PROMPT:
From the entries below, copy every line that holds the word "pitch".

Stored items
_ _ _ _ _

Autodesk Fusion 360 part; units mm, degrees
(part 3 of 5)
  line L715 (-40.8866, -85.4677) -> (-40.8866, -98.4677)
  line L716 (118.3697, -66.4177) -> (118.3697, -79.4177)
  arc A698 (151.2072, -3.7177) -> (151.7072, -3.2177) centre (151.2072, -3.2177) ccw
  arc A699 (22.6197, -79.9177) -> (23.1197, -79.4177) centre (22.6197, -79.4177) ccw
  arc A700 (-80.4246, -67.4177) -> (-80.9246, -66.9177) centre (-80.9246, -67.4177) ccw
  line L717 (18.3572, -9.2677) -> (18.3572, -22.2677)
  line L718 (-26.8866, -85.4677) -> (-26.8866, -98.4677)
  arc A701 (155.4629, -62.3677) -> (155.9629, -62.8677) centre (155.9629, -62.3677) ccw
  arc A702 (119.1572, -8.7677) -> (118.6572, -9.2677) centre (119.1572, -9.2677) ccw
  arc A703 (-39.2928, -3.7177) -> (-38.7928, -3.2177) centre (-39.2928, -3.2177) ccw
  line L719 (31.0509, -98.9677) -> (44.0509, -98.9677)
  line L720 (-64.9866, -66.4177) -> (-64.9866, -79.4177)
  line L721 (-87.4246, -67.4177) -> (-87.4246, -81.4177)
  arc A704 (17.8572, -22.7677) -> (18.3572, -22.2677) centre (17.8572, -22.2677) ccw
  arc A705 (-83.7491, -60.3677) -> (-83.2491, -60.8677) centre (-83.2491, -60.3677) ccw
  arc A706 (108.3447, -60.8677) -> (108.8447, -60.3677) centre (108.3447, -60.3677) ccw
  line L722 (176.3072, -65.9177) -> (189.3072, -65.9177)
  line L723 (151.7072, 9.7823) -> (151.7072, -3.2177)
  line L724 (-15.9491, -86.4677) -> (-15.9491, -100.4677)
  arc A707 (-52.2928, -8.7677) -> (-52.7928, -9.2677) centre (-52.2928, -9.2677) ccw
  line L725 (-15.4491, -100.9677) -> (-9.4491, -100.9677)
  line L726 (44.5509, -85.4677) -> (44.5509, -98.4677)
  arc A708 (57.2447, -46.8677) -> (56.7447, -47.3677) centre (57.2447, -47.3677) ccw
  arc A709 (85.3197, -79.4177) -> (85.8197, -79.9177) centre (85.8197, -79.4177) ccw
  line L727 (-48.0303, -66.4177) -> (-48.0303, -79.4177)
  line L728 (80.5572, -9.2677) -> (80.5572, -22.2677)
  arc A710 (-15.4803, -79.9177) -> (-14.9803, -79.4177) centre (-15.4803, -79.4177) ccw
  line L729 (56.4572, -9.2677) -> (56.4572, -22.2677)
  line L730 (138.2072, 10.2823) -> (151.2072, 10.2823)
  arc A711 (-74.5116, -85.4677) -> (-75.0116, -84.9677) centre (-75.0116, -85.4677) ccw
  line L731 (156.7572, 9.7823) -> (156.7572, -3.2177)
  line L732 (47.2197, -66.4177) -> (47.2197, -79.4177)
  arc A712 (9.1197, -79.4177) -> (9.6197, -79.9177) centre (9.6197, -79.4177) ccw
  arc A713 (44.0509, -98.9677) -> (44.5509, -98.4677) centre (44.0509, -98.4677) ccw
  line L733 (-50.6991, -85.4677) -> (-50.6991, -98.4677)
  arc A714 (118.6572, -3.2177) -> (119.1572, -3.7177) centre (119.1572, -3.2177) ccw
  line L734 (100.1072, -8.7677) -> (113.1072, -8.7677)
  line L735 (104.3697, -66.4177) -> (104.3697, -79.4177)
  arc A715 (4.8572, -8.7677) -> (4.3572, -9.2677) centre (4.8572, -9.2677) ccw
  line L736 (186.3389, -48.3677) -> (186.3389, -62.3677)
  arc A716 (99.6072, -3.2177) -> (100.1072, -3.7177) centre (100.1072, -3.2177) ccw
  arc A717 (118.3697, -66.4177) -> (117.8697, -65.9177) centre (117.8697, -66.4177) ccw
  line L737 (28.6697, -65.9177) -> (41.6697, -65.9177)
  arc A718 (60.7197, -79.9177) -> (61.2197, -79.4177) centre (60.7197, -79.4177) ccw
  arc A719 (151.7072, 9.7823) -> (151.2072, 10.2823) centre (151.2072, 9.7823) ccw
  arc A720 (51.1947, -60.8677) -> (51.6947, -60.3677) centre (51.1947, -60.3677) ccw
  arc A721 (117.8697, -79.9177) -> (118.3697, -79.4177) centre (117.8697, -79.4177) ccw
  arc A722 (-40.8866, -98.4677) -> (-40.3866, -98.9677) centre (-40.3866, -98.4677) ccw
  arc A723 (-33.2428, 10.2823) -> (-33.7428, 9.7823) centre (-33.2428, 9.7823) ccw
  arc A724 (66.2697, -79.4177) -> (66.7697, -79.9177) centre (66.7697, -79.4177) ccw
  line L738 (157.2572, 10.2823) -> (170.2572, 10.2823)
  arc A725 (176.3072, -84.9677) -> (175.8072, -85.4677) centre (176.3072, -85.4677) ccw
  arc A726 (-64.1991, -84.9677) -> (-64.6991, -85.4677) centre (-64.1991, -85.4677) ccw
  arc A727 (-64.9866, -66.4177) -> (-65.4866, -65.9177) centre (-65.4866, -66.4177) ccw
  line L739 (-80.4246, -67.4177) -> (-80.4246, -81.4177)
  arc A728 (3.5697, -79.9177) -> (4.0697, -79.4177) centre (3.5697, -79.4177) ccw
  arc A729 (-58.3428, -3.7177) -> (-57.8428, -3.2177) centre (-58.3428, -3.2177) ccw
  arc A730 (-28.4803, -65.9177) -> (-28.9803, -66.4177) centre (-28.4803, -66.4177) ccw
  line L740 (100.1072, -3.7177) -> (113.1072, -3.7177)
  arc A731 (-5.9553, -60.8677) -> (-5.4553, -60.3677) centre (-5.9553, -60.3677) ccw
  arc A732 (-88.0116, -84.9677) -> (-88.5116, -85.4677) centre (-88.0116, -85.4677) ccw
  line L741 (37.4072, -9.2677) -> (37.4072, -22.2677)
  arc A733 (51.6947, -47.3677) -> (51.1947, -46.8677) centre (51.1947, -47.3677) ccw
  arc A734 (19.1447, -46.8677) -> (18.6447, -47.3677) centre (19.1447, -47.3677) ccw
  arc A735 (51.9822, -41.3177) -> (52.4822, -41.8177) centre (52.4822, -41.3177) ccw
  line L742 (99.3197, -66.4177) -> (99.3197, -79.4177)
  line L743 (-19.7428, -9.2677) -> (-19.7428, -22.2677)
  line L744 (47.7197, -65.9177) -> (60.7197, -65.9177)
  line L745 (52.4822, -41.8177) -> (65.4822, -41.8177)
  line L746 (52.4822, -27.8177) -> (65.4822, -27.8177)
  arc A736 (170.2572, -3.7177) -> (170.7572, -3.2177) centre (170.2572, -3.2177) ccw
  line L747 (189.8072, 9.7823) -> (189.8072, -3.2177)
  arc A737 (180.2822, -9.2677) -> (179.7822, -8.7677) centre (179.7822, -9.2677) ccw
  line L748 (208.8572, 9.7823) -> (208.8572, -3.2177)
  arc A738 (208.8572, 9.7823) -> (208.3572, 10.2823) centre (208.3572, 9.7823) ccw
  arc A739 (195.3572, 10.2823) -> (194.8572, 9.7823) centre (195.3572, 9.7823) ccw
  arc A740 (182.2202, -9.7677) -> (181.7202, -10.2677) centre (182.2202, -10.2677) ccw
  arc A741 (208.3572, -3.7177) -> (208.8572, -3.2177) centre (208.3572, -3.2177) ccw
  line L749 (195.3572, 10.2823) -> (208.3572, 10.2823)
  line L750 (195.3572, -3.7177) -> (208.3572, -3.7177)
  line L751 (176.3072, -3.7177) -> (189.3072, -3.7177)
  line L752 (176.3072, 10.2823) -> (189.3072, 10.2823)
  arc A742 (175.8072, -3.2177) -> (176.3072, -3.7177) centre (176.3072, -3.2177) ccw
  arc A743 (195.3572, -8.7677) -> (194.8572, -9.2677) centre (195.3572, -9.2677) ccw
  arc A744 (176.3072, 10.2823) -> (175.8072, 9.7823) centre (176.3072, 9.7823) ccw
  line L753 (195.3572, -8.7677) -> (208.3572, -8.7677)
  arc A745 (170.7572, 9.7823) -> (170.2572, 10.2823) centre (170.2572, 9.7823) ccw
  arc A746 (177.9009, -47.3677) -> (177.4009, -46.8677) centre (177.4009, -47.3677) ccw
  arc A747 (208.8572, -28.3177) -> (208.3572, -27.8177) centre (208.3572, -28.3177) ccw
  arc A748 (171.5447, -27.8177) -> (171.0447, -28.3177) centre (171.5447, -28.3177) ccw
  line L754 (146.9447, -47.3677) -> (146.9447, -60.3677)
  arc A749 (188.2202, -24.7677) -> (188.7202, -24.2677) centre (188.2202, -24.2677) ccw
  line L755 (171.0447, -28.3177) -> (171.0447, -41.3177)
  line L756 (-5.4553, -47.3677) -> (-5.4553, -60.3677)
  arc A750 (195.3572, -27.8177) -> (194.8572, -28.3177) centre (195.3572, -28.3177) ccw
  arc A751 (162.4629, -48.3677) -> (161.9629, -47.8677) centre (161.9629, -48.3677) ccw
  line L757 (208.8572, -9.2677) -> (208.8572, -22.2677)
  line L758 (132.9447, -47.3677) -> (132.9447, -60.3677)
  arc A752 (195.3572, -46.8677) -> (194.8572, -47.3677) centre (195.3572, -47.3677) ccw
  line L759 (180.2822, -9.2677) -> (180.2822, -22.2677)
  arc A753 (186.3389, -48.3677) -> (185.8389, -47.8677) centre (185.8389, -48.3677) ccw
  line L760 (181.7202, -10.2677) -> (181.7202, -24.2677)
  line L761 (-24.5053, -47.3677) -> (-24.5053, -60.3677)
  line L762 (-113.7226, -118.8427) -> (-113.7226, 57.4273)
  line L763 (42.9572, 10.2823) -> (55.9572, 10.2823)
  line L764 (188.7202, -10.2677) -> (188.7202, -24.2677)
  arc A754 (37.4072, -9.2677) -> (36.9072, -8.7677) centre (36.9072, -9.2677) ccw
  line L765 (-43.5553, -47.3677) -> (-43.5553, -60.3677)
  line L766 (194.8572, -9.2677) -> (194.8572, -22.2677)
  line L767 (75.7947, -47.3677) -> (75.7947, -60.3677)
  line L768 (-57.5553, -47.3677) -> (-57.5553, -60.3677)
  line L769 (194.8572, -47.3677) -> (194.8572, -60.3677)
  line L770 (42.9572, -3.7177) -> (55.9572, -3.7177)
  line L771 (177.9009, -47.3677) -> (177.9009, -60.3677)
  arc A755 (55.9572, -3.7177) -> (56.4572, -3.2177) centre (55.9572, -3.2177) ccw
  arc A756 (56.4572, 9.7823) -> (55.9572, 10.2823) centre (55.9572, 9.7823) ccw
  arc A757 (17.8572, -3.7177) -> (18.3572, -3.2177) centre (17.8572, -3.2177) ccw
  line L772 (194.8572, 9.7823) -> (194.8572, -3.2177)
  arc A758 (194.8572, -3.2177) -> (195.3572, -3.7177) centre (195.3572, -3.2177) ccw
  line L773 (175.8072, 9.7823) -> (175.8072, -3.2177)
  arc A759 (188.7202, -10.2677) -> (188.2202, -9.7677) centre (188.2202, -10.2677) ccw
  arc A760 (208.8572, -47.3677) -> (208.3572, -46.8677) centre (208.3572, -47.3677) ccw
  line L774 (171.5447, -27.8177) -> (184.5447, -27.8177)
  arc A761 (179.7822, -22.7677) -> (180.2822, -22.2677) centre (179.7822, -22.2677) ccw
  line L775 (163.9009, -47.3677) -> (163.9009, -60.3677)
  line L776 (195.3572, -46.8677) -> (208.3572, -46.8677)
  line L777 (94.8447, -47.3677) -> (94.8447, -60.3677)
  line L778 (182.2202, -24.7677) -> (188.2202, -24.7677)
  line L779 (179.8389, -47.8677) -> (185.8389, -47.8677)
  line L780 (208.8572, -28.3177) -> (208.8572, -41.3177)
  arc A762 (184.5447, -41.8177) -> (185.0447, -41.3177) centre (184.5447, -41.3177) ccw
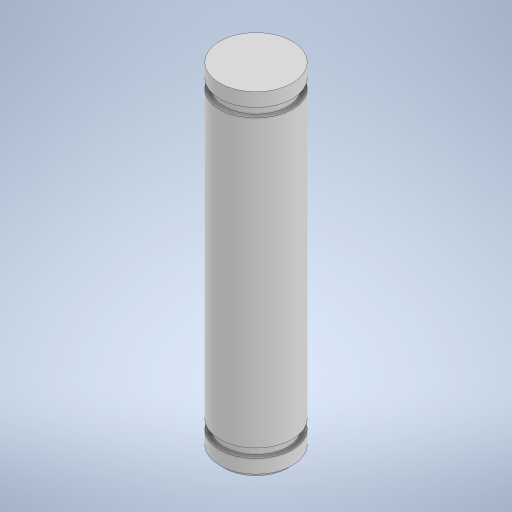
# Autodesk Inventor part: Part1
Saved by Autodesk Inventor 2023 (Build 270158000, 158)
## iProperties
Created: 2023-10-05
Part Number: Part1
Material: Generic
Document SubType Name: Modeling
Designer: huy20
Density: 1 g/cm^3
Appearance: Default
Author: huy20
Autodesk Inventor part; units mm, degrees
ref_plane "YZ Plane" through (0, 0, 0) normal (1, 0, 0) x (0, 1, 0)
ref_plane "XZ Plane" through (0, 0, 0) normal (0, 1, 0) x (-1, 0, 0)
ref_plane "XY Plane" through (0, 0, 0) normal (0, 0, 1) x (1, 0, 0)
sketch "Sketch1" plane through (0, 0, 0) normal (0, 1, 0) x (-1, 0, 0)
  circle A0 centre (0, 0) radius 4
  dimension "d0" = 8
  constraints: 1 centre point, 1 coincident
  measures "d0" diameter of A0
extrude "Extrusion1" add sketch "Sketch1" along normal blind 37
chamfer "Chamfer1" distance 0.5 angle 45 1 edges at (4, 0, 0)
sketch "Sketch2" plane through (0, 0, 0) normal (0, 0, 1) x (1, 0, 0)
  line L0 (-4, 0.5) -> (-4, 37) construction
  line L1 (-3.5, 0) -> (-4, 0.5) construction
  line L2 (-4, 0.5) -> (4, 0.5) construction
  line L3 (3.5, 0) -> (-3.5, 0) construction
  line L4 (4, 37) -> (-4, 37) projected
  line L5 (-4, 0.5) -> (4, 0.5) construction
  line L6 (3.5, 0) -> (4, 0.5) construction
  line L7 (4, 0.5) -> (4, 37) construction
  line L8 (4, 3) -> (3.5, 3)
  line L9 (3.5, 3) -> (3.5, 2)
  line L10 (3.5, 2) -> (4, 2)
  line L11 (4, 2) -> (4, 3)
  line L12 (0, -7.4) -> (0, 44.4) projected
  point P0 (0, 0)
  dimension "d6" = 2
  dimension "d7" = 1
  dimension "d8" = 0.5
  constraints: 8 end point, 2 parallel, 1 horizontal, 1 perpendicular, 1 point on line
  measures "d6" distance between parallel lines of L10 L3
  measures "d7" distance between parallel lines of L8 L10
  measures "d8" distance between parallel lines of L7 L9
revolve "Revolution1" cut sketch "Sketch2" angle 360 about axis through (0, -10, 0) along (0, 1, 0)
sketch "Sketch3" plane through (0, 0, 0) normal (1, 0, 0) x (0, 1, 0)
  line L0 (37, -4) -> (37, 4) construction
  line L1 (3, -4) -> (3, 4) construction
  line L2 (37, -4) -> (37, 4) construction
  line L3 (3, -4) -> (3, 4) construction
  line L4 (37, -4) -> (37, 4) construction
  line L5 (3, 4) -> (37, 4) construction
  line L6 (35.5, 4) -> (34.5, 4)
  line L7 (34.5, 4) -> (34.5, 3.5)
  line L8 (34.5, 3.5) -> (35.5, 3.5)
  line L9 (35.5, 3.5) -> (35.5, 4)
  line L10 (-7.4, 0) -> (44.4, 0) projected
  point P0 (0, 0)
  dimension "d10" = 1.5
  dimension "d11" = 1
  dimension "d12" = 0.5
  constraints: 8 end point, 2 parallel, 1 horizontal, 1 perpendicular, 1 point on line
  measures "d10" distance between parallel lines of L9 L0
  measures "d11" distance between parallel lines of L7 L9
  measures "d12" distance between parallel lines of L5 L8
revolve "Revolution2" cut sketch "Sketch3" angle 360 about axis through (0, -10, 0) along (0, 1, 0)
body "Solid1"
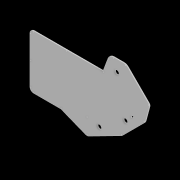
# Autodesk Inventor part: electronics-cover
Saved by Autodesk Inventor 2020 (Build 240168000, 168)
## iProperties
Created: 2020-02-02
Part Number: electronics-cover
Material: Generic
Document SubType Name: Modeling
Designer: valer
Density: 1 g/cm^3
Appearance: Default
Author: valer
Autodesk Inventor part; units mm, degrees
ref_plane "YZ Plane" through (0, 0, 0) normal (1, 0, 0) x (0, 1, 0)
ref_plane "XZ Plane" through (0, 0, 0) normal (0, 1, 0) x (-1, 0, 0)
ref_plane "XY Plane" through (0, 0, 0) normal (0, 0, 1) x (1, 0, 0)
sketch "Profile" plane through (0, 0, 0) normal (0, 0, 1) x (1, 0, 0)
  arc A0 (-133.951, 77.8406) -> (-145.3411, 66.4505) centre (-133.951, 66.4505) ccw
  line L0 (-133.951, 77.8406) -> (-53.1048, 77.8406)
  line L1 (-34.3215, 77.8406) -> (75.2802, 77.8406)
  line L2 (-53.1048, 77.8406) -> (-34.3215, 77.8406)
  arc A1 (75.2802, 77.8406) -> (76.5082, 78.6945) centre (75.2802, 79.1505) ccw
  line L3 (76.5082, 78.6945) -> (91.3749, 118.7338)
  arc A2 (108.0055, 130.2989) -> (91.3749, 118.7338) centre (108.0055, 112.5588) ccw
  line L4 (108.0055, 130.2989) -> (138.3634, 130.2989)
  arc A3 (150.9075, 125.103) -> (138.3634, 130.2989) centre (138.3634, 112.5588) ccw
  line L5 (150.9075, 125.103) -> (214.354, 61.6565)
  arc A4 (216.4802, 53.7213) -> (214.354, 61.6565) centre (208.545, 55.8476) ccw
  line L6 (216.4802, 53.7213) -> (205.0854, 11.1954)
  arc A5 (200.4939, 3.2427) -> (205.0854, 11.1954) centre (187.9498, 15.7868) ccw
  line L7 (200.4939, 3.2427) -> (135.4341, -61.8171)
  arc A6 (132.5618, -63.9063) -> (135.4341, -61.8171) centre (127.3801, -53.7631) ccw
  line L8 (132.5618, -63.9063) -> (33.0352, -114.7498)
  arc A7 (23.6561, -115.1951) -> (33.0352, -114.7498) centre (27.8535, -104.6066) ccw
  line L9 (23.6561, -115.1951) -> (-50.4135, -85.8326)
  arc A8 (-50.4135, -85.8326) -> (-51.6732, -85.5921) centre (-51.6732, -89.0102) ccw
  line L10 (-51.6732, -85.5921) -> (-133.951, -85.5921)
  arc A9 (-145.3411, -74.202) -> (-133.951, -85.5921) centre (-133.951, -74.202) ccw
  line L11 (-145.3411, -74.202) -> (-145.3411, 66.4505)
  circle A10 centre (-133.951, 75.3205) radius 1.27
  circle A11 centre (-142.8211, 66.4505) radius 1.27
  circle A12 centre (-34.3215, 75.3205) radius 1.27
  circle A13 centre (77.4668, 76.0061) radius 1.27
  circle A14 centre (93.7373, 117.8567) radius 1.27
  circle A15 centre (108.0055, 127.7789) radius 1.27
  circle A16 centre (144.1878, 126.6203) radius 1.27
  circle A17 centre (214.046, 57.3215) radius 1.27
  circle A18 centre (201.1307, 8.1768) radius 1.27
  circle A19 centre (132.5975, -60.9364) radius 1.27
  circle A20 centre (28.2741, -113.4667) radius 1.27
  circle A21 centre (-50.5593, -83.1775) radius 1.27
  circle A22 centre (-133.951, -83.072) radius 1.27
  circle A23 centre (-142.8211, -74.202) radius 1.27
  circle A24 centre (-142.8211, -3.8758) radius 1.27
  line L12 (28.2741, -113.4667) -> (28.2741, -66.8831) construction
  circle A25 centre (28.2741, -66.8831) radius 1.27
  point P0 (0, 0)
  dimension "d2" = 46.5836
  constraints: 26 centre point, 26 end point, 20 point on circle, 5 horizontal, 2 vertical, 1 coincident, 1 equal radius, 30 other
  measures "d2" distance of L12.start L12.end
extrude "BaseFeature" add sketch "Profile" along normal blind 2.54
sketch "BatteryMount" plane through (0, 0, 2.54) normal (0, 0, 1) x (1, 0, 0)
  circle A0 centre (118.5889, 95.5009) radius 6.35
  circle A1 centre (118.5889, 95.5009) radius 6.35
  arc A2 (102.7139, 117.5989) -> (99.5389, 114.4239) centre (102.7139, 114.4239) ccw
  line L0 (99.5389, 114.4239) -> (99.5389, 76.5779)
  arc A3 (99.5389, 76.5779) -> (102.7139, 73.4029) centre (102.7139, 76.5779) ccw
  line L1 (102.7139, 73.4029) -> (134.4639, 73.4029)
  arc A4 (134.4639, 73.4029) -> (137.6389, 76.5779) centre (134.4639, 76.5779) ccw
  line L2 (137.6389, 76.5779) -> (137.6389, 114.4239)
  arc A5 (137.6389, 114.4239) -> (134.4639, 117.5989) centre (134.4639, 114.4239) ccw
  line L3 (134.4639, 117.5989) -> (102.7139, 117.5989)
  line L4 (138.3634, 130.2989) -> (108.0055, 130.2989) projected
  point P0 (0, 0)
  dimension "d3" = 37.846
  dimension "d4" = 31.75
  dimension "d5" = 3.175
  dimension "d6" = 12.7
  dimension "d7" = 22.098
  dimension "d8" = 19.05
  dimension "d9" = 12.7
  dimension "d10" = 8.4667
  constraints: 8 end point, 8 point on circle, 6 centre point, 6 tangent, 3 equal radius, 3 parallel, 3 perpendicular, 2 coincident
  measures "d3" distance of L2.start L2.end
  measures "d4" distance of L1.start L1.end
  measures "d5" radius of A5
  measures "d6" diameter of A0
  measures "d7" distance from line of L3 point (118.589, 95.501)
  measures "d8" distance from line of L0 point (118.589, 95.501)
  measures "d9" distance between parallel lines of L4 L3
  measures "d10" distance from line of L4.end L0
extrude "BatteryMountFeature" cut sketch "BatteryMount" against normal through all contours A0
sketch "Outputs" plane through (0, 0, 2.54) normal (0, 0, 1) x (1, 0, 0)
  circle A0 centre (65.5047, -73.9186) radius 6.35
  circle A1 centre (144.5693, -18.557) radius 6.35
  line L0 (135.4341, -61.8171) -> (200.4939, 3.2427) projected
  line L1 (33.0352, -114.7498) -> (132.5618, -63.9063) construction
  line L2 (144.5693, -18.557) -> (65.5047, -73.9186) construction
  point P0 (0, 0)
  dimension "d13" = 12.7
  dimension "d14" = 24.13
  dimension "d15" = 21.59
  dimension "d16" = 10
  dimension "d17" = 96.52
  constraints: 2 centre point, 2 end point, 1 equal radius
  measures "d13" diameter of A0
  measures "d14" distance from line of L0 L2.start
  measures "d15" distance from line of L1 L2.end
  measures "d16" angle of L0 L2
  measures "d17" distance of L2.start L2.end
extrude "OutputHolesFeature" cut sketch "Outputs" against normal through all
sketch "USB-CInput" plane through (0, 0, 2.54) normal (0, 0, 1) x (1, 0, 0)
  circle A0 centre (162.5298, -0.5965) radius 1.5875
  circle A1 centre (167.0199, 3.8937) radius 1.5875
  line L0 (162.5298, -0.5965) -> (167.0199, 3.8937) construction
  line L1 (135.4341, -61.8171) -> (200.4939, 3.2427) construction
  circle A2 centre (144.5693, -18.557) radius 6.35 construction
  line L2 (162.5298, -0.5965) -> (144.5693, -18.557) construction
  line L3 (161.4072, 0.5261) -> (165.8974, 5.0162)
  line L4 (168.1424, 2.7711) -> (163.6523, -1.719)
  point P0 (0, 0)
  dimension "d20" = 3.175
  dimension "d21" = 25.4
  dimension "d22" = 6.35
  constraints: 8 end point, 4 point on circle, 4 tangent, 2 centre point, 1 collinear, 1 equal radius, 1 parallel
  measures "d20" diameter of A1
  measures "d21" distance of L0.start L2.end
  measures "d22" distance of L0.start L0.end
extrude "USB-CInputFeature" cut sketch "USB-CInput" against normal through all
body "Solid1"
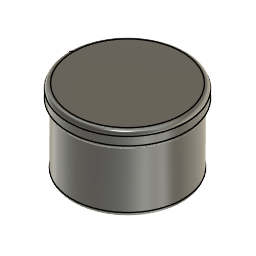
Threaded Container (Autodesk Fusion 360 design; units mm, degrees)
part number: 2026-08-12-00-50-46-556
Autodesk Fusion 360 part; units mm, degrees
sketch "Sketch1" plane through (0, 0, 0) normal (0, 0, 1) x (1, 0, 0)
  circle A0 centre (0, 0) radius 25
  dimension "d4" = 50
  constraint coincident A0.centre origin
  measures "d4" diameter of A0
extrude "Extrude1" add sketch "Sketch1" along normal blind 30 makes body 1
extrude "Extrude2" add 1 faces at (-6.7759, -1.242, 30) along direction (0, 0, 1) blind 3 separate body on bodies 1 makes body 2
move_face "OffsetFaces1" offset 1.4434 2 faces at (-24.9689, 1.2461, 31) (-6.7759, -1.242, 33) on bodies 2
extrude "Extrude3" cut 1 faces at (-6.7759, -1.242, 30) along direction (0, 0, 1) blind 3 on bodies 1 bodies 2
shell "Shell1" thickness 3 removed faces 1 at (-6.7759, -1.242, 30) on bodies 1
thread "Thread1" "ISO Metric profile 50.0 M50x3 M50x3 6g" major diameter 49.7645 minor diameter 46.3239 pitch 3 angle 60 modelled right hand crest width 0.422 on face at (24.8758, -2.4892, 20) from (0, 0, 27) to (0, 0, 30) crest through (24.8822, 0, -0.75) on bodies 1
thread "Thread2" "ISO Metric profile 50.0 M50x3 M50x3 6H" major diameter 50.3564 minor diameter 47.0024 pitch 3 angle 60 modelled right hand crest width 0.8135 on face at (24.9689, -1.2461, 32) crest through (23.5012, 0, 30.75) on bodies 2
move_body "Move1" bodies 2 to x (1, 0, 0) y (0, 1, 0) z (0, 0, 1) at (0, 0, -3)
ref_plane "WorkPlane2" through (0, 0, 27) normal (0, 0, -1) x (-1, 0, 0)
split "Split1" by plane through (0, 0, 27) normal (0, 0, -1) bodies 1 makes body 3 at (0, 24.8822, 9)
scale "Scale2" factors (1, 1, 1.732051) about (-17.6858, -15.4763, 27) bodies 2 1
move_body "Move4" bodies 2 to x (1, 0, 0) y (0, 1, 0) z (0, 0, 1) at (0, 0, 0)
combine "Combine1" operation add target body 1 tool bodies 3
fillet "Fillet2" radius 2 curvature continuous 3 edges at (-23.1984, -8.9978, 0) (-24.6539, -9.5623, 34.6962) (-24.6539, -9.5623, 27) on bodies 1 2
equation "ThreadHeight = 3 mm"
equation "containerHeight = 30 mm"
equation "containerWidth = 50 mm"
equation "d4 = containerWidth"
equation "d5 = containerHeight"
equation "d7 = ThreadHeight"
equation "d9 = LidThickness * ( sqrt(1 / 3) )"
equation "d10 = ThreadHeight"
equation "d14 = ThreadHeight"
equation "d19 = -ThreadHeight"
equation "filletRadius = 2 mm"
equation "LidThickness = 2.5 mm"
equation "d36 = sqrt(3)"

_ _ _ _ _

EXERCISE RESULT:
thread "Thread1" "ISO Metric profile 50.0 M50x3 M50x3 6g" major diameter 49.7645 minor diameter 46.3239 pitch 3 angle 60 modelled right hand crest width 0.422 on face at (24.8758, -2.4892, 20) from (0, 0, 27) to (0, 0, 30) crest through (24.8822, 0, -0.75) on bodies 1
thread "Thread2" "ISO Metric profile 50.0 M50x3 M50x3 6H" major diameter 50.3564 minor diameter 47.0024 pitch 3 angle 60 modelled right hand crest width 0.8135 on face at (24.9689, -1.2461, 32) crest through (23.5012, 0, 30.75) on bodies 2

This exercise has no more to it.